## Records for processing:
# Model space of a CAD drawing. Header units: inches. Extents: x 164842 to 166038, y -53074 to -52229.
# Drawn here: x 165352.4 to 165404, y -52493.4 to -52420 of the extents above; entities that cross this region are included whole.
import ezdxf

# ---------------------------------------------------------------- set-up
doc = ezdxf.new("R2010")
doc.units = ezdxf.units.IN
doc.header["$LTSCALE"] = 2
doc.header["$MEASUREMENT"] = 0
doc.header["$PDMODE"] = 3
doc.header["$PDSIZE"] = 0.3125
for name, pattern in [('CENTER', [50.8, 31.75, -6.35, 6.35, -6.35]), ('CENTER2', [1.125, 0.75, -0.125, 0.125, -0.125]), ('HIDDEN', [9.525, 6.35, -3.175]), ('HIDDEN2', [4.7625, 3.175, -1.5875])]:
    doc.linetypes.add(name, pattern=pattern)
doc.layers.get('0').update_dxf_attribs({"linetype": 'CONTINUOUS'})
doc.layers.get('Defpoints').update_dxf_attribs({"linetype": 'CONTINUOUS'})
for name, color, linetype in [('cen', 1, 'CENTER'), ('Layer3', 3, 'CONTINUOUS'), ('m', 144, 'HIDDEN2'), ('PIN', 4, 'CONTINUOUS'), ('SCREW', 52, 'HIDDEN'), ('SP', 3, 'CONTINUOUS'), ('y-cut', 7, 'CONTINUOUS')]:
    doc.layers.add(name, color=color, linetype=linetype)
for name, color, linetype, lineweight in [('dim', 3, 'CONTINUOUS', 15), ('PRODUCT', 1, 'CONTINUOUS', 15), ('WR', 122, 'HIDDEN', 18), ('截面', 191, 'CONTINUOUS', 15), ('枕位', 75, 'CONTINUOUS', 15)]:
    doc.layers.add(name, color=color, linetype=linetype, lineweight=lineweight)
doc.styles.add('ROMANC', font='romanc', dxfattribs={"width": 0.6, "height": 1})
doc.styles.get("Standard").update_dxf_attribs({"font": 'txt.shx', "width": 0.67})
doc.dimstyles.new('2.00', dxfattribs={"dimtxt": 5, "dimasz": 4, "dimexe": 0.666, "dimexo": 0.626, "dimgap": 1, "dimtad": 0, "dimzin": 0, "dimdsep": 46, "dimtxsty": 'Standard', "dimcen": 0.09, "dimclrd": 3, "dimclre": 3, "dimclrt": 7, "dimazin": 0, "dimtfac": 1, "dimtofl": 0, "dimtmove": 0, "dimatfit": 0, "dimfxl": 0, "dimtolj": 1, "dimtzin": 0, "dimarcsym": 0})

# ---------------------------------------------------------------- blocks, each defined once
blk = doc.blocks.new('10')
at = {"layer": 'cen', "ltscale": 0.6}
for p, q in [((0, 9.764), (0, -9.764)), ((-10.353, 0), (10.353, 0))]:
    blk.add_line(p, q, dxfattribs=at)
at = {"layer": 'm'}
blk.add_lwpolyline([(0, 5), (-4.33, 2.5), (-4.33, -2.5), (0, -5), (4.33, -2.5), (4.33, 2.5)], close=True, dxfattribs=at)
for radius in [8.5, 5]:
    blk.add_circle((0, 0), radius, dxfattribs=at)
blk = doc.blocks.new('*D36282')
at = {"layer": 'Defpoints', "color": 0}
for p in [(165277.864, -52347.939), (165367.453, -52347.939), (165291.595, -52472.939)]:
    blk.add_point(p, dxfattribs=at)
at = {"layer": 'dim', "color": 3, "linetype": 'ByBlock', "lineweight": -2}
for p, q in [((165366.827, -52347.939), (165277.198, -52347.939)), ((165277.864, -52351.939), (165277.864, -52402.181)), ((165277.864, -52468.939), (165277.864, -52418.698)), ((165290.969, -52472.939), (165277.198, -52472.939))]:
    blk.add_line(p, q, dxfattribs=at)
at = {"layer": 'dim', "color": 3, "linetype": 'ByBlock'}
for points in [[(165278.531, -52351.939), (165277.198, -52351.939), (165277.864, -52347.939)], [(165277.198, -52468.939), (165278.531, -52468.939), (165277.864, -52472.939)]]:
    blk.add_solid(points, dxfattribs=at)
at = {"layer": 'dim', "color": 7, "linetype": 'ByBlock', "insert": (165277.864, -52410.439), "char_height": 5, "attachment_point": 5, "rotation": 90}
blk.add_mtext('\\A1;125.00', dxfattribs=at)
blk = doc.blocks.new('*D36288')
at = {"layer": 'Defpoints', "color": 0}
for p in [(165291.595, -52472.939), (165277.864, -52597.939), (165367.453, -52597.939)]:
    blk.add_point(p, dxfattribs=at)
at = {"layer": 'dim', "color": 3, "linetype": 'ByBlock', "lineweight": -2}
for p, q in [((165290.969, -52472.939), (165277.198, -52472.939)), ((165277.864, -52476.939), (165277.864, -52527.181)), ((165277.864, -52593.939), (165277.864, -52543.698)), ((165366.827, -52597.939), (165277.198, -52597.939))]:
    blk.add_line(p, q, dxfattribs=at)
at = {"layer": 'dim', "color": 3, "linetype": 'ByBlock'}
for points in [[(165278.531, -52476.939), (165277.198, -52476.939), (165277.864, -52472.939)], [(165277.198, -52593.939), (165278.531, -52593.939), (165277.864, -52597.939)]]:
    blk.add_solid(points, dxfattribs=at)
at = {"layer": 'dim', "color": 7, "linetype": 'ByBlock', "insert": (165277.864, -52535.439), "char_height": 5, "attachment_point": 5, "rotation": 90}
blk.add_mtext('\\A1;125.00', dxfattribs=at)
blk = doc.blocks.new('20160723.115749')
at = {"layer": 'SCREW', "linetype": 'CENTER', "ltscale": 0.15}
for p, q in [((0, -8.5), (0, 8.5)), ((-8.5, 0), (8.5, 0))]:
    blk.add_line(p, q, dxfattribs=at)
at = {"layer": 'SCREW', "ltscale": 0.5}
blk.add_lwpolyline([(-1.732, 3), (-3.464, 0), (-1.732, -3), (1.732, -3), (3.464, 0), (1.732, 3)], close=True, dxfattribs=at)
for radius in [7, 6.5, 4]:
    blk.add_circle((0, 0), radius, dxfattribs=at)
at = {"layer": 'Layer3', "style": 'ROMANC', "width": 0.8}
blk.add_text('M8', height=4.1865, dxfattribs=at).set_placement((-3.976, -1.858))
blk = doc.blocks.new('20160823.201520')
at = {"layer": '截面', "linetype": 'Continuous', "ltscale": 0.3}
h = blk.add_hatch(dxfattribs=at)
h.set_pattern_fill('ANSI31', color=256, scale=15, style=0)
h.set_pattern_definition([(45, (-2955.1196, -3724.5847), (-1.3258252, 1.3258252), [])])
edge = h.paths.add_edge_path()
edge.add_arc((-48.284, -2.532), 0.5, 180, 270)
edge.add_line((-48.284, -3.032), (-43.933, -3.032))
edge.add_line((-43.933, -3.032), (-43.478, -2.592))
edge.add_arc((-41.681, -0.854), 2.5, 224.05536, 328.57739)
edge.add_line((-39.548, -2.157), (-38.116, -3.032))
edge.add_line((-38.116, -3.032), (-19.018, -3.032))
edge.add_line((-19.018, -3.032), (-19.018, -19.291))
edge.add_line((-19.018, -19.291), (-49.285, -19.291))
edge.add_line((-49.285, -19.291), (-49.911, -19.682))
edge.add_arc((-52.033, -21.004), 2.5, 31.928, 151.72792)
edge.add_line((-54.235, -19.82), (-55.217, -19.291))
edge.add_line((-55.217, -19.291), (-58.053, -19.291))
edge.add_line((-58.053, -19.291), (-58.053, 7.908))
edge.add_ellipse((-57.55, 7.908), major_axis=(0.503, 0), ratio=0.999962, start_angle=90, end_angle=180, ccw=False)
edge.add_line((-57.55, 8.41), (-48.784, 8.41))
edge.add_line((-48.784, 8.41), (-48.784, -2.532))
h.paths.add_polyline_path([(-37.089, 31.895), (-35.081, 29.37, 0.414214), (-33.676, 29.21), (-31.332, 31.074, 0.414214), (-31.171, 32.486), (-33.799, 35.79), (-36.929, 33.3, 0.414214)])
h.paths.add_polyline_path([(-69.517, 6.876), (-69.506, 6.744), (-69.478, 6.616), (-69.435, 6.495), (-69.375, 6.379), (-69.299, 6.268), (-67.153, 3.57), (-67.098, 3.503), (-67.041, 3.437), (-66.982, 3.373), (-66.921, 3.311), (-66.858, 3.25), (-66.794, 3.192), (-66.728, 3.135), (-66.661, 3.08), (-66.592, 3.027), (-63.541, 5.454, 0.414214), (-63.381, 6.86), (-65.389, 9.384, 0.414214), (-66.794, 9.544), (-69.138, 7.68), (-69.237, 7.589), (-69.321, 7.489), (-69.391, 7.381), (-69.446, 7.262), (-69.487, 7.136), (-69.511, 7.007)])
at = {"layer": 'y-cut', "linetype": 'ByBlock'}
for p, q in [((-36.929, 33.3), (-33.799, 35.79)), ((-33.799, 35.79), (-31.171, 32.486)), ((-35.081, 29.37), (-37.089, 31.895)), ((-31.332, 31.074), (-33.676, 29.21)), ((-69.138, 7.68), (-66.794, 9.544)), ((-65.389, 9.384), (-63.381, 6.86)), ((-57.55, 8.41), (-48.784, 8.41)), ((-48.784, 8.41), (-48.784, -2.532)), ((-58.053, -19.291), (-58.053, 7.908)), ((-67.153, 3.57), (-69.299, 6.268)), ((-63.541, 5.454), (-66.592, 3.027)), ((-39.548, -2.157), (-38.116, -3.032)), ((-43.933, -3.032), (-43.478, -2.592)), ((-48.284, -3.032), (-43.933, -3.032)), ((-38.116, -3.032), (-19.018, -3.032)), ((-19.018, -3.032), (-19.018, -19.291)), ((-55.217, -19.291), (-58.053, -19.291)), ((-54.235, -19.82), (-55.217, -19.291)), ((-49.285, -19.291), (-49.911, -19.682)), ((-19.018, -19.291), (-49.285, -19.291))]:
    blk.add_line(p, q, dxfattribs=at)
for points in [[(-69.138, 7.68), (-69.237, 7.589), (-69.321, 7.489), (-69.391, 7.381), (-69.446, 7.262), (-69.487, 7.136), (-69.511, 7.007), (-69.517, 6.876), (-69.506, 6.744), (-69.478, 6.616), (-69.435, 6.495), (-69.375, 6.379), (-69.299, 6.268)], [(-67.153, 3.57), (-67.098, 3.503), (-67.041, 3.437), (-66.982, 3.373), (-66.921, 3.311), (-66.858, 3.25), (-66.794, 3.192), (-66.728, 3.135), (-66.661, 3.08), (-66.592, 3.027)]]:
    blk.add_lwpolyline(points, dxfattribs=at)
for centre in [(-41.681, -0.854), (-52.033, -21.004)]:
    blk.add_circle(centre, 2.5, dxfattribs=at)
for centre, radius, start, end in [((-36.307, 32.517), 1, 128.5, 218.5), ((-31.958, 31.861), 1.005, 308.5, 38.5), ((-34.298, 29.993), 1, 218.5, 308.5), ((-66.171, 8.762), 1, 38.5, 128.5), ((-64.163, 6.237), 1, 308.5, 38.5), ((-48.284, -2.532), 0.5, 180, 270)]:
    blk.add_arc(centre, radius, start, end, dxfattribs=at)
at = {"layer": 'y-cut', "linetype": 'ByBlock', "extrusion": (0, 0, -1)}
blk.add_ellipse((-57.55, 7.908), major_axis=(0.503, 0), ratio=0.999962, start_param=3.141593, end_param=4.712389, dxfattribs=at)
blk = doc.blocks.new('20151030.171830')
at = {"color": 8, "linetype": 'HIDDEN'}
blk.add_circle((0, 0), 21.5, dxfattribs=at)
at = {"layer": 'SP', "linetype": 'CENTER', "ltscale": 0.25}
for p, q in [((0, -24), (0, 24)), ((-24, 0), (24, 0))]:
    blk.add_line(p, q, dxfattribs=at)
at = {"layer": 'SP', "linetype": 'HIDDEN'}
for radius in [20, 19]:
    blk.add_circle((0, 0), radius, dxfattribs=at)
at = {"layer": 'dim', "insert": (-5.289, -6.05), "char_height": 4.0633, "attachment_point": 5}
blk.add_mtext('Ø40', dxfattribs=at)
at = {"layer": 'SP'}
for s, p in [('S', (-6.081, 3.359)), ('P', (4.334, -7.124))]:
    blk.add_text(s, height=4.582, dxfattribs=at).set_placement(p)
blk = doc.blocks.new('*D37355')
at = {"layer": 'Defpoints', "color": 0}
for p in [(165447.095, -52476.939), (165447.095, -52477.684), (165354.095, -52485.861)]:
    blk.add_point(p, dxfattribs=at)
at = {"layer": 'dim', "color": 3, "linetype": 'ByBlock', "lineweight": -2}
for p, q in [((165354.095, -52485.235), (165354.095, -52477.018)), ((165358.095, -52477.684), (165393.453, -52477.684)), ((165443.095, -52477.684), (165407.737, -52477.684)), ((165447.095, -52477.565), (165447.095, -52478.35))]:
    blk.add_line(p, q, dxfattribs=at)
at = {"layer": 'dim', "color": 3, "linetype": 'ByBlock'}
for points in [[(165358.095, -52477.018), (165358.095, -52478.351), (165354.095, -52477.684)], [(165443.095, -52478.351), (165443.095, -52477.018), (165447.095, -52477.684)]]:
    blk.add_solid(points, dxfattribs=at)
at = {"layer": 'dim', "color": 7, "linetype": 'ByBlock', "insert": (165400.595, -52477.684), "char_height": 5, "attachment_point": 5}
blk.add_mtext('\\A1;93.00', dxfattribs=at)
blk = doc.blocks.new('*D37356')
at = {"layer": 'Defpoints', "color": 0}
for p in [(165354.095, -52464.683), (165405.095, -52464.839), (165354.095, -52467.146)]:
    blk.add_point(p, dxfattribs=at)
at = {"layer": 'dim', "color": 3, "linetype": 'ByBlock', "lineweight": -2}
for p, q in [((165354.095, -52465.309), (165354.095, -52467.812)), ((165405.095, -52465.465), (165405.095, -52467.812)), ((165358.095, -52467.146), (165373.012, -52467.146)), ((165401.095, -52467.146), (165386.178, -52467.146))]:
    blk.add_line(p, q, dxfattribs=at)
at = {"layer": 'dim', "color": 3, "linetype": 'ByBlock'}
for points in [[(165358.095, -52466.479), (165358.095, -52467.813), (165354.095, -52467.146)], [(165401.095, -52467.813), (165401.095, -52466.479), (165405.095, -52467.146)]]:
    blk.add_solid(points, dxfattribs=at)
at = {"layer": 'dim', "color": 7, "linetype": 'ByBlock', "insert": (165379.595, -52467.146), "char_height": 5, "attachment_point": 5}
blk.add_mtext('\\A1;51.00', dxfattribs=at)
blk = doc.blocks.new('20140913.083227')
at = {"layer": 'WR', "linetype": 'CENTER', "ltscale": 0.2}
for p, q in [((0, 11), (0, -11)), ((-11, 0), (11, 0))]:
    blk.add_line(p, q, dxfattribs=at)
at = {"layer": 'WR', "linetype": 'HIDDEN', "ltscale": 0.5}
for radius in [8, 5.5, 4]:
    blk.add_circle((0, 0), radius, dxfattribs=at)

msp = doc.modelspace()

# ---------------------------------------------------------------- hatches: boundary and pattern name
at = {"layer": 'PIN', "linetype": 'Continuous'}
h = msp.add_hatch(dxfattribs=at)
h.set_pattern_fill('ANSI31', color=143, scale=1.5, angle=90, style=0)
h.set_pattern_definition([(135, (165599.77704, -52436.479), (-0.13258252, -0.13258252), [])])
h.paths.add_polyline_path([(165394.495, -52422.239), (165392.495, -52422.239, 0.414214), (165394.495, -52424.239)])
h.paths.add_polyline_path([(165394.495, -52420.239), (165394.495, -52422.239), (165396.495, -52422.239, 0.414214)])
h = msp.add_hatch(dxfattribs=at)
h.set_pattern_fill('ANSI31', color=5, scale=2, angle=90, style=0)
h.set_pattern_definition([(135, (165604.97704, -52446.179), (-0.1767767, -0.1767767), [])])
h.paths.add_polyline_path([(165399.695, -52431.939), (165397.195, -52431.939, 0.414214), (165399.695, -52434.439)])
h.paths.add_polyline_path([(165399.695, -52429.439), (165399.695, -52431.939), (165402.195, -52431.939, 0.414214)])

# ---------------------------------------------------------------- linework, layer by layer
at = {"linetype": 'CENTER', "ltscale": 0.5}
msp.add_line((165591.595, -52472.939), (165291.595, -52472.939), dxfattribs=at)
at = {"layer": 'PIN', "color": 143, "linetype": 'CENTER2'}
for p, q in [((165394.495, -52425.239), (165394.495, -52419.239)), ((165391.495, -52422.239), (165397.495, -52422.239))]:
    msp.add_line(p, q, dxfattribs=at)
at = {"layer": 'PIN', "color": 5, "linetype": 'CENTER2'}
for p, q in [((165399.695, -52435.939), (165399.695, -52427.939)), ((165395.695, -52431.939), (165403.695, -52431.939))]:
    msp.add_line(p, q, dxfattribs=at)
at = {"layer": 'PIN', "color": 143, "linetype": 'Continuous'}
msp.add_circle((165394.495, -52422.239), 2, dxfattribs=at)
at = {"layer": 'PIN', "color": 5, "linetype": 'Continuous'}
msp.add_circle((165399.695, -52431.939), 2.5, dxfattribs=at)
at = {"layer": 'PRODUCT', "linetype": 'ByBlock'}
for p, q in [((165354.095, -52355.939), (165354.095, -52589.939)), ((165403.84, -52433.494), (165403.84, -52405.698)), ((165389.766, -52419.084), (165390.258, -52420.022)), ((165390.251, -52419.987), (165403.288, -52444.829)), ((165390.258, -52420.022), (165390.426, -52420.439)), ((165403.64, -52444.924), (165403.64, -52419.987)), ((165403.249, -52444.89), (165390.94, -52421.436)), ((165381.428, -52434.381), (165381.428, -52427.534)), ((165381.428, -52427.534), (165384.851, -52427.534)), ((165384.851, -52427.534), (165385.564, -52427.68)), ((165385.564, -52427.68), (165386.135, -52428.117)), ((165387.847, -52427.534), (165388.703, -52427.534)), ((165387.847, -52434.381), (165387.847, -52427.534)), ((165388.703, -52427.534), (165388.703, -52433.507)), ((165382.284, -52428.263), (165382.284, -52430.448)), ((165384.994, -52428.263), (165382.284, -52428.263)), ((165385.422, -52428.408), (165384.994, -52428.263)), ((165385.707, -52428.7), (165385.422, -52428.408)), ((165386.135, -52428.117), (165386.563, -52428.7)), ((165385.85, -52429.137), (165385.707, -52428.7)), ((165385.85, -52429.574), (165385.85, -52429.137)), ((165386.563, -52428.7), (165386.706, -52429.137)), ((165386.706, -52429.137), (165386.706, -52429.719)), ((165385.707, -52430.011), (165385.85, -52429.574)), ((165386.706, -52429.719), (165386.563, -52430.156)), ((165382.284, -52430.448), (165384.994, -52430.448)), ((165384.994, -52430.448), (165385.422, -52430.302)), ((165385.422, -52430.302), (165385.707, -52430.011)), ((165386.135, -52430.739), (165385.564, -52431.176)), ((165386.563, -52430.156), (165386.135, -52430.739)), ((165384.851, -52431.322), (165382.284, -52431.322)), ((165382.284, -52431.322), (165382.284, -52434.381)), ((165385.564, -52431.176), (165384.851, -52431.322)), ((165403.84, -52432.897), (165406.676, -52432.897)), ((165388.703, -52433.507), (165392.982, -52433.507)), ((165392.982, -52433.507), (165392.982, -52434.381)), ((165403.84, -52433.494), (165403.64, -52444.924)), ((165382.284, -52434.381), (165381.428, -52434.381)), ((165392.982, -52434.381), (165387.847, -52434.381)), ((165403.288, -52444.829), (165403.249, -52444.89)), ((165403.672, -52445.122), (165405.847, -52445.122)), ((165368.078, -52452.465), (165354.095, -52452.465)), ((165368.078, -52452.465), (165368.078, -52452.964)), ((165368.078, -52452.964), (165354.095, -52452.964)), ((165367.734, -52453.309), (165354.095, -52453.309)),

## What this task involves:
Repeat exactly the lines of the material above, taking the first line, the line with "for name, pattern", and every line between them.

## Result below:
# Model space of a CAD drawing. Header units: inches. Extents: x 164842 to 166038, y -53074 to -52229.
# Drawn here: x 165352.4 to 165404, y -52493.4 to -52420 of the extents above; entities that cross this region are included whole.
import ezdxf

# ---------------------------------------------------------------- set-up
doc = ezdxf.new("R2010")
doc.units = ezdxf.units.IN
doc.header["$LTSCALE"] = 2
doc.header["$MEASUREMENT"] = 0
doc.header["$PDMODE"] = 3
doc.header["$PDSIZE"] = 0.3125
for name, pattern in [('CENTER', [50.8, 31.75, -6.35, 6.35, -6.35]), ('CENTER2', [1.125, 0.75, -0.125, 0.125, -0.125]), ('HIDDEN', [9.525, 6.35, -3.175]), ('HIDDEN2', [4.7625, 3.175, -1.5875])]:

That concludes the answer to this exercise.